There is no question in my mind...http://www.nilsmaster.com/

After much debate last year I ordered one of those 8" in from Cabela's---it is SWEET!
Burns through holes. I was hand drilling through the 18+ inches at Electric and Strawberry last year. Is it a gas auger? NO! but I never worry about it starting, gas mixing, and it's about $200 less  Plus, if you wanted you can convert it to a gas powered auger easily, and still have the handle in case the gas motor is causing grief!

Highly recommended+++


----------



## Troll (Oct 21, 2008)

or a hand auger, stick with the 6".
Math will tell you why.
Pi = 3.141 and Pi x Radius squared equals the area of a circle.
So a 6" auger has a radius of 3 squared. 3x3=9, 9x3.141= 28.26 square inches of ice is being cut.
A 8" auger has a radius of 4 squared. 4x4=16, 16x 3.141= 50.25 square inches of ice being cut.
It is a huge difference, 40% more ice being cut with a 8" auger.

Some of you may have seen the adapters that allow you to use your battery drill to spin your auger, let me tell you they work. My 18 volt Dewalt can cut about a 20 holes in 12" of ice per battery. The most important thing with this type of set-up is the auger protector plate. It prevents the auger from going down the hole if it comes out of the drill chuck. I use a 8" diameter round plate to keep my 6" auger from going down the hole.


----------



## wayner33 (Dec 11, 2007)

Read the reviews on this.
javascriptopWindow('/cabelas/en/templates/product/readonly-item.jsp?id=114491&itemTemplate=products-found&cmCat=EOF',%20'readonly')


----------



## fishnate (Sep 11, 2007)

I've got an 8" lazer hand auger and it works great, a lot better than my old Mora drill. I must say that the 6" would be much easier for the lone angler but I almost always have my son with me and we work the auger together and we can go through 20" of ice in short order. If I'm alone I can go through 8 to 10" without wearing myself out too bad.
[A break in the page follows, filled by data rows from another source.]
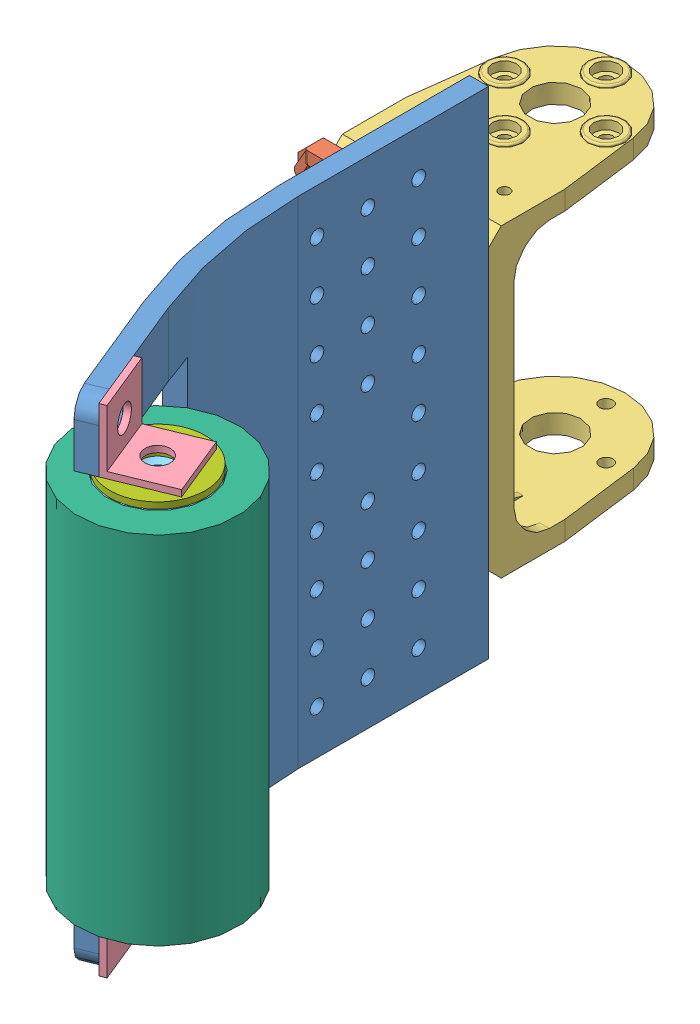
SolidWorks assembly essai_assemblage_pince_3_droite, configuration Default. Lengths in mm.
Overall size (56.85 78 117.91).
10 component instances, 7 part files, 23 mates.
Components (placement in the parent):
- essai_pince_6-1: essai_pince_6 [Default] at (-8.4781 -11.6289 -22.4125) size (15.55 78 75)
- F9ORG-1: F9ORG [Défaut] at (-8.4781 11.3711 -52.4125) x (1 0 0) z (0 0 -1) size (24 24 30)
- F2-1: F2 [Défaut] at (-20.9781 19.3711 -78.4125) x (0 1 0) z (0 0 1) size (48.81 25 37)
- corniere_10x10-3: corniere_10x10 [Default] at (12.5438 56.3711 8.412) x (-0.925648 0 0.378386) z (-0.378386 0 -0.925648) size (10 10 10)
- corniere_10x10-2: corniere_10x10 [Default] at (16.3277 -1.6289 17.6684) x (-0.925648 0 0.378386) z (0.378386 0 0.925648) size (10 10 10)
- F9ORG-2: F9ORG [Défaut] at (-8.4781 35.3711 -52.4125) x (1 0 0) z (0 0 -1) size (24 24 30)
- Rouleau_Laiton_D15_H56-1: Rouleau_Laiton_D15_H56 [Défaut] at (9.8075 -0.6289 14.9321) size (15 56 15)
- Rouleau_D25_H56-1: Rouleau_D25_H56 [Default] at (9.8075 -0.6289 14.9321) x (0.08937 0 0.995998) z (-0.995998 0 0.08937) size (25 56 25)
- Rondelle_M5_Large-1: Rondelle_M5_Large [Défaut] at (9.8075 55.3711 14.9321) x (-0.555891 0 0.831255) z (-0.831255 0 -0.555891) size (15 1 15)
- Rondelle_M5_Large-2: Rondelle_M5_Large [Défaut] at (9.8075 -1.6289 14.9321) x (-0.793326 0 -0.608798) z (0.608798 0 -0.793326) size (15 1 15)
Mates (geometry in assembly coordinates):
- Coïncidente3: coincident anti-aligned: plane of ? through (0 0 0) normal (0 0 1); plane of ? through (-33.4781 -6.3008 -51.8597) normal (0 0.062502 0.998045)
- Coïncidente4: coincident aligned: plane of ? through (-8.4781 21.6445 -53.6098) normal (1 0 0); plane of ? through (-8.4781 -6.3008 -51.8597) normal (1 0 0)
- Coïncidente5: coincident anti-aligned: plane of corniere_10x10-3 through (3.2873 57.3711 12.1958) normal (-0.925648 0 0.378386); plane of essai_pince_6-1 through (-0.4965 66.3711 2.9393) normal (0.925648 0 -0.378386)
- Coïncidente7: coincident anti-aligned: plane of essai_pince_6-1 through (-0.4965 66.3711 2.9393) normal (0.925648 0 -0.378386); plane of corniere_10x10-2 through (7.0712 -2.6289 21.4523) normal (-0.925648 0 0.378386)
- Coaxiale9: concentric anti-aligned: cylinder of ?; cylinder of ?
- Coïncidente15: coincident anti-aligned: plane of essai_pince_6-1 through (-8.4781 66.3711 -22.4125) normal (-1 0 0); plane of ? through (-8.4781 21.6445 -53.6098) normal (1 0 0)
- Coïncidente16: coincident anti-aligned: plane of ? through (0 0 0) normal (0 0 1); plane of ? through (-33.4781 45.5976 -55.1098) normal (0 -0.062502 -0.998045)
- Coïncidente17: coincident anti-aligned: plane of essai_pince_6-1 through (-8.4781 66.3711 -22.4125) normal (-1 0 0); plane of ? through (-8.4781 45.5976 -55.1098) normal (1 0 0)
- Coaxiale12: concentric anti-aligned: cylinder of ?; cylinder of ?
- Coaxiale13: concentric aligned: cylinder of essai_pince_6-1; cylinder of corniere_10x10-3
- Parallèle1: parallel aligned: plane of essai_pince_6-1 through (32.9437 56.3711 10.8761) normal (0 -1 0); plane of corniere_10x10-3 through (16.3277 56.3711 17.6684) normal (0 -1 0)
- Coaxiale14: concentric aligned: cylinder of Rouleau_Laiton_D15_H56-1; cylinder of Rouleau_D25_H56-1
- Coïncidente19: coincident aligned: plane of Rouleau_Laiton_D15_H56-1 through (9.8075 55.3711 14.9321) normal (0 1 0); plane of Rouleau_D25_H56-1 through (9.8075 55.3711 14.9321) normal (0 1 0)
- Coaxiale15: concentric aligned: cylinder of essai_pince_6-1; cylinder of corniere_10x10-2
- Coïncidente20: coincident aligned: plane of essai_pince_6-1 through (32.9437 -1.6289 10.8761) normal (0 1 0); plane of corniere_10x10-2 through (12.5438 -1.6289 8.412) normal (0 1 0)
- Coaxiale16: concentric aligned: cylinder of corniere_10x10-3; cylinder of Rouleau_Laiton_D15_H56-1
- Coaxiale17: concentric aligned: cylinder of Rouleau_Laiton_D15_H56-1; cylinder of Rondelle_M5_Large-2
- Coaxiale18: concentric aligned: cylinder of Rouleau_Laiton_D15_H56-1; cylinder of Rondelle_M5_Large-1
- Coïncidente21: coincident aligned: plane of Rouleau_Laiton_D15_H56-1 through (9.8075 55.3711 14.9321) normal (0 1 0); circle of Rondelle_M5_Large-1
- Coïncidente22: coincident anti-aligned: plane of Rouleau_Laiton_D15_H56-1 through (9.8075 -0.6289 14.9321) normal (0 -1 0); plane of Rondelle_M5_Large-2 through (9.8075 -0.6289 14.9321) normal (0 1 0)
- Coïncidente23: coincident anti-aligned: plane of corniere_10x10-2 through (12.5438 -1.6289 8.412) normal (0 1 0); plane of Rondelle_M5_Large-2 through (9.8075 -1.6289 14.9321) normal (0 -1 0)
- Coaxiale19: concentric aligned: cylinder of essai_pince_6-1; cylinder of ?
- Coaxiale20: concentric aligned: cylinder of essai_pince_6-1; cylinder of ?

I've used it plenty over three seasons and haven't needed to change the blades yet.


----------



## BerryNut (Dec 29, 2008)

I like this thread, last year I bought an eskimo hand one and it was ok the first time we took it out, it has the beveled blades that "make it easy" to drill the ice. Well we went to fish lake after using the auger twice and it was all we could do to get 8 holes drilled,( with 4 of us taking turns) then we noticed a guy with his family drilling like 4 holes to our 1 and he looked like he was barely turing the thing. I need to know what he had cause i will go buy that one this year.


----------



## Troll (Oct 21, 2008)

I have one of these. You will be impressed. I can feel when the blades need a swipe of two, then I can feel the difference.
http://www.fishusa.com/StrikeMaster-Laz ... e=googleps


----------



## Grandpa D (Sep 7, 2007)

Can you buy better blades for an Eskimo?
There should be some place that you could get replacement blades like Lazers, that fit an Eskimo.


----------



## REPETER (Oct 3, 2007)

Grandpa D said:


> Can you buy better blades for an Eskimo?
> There should be some place that you could get replacement blades like Lazers, that fit an Eskimo.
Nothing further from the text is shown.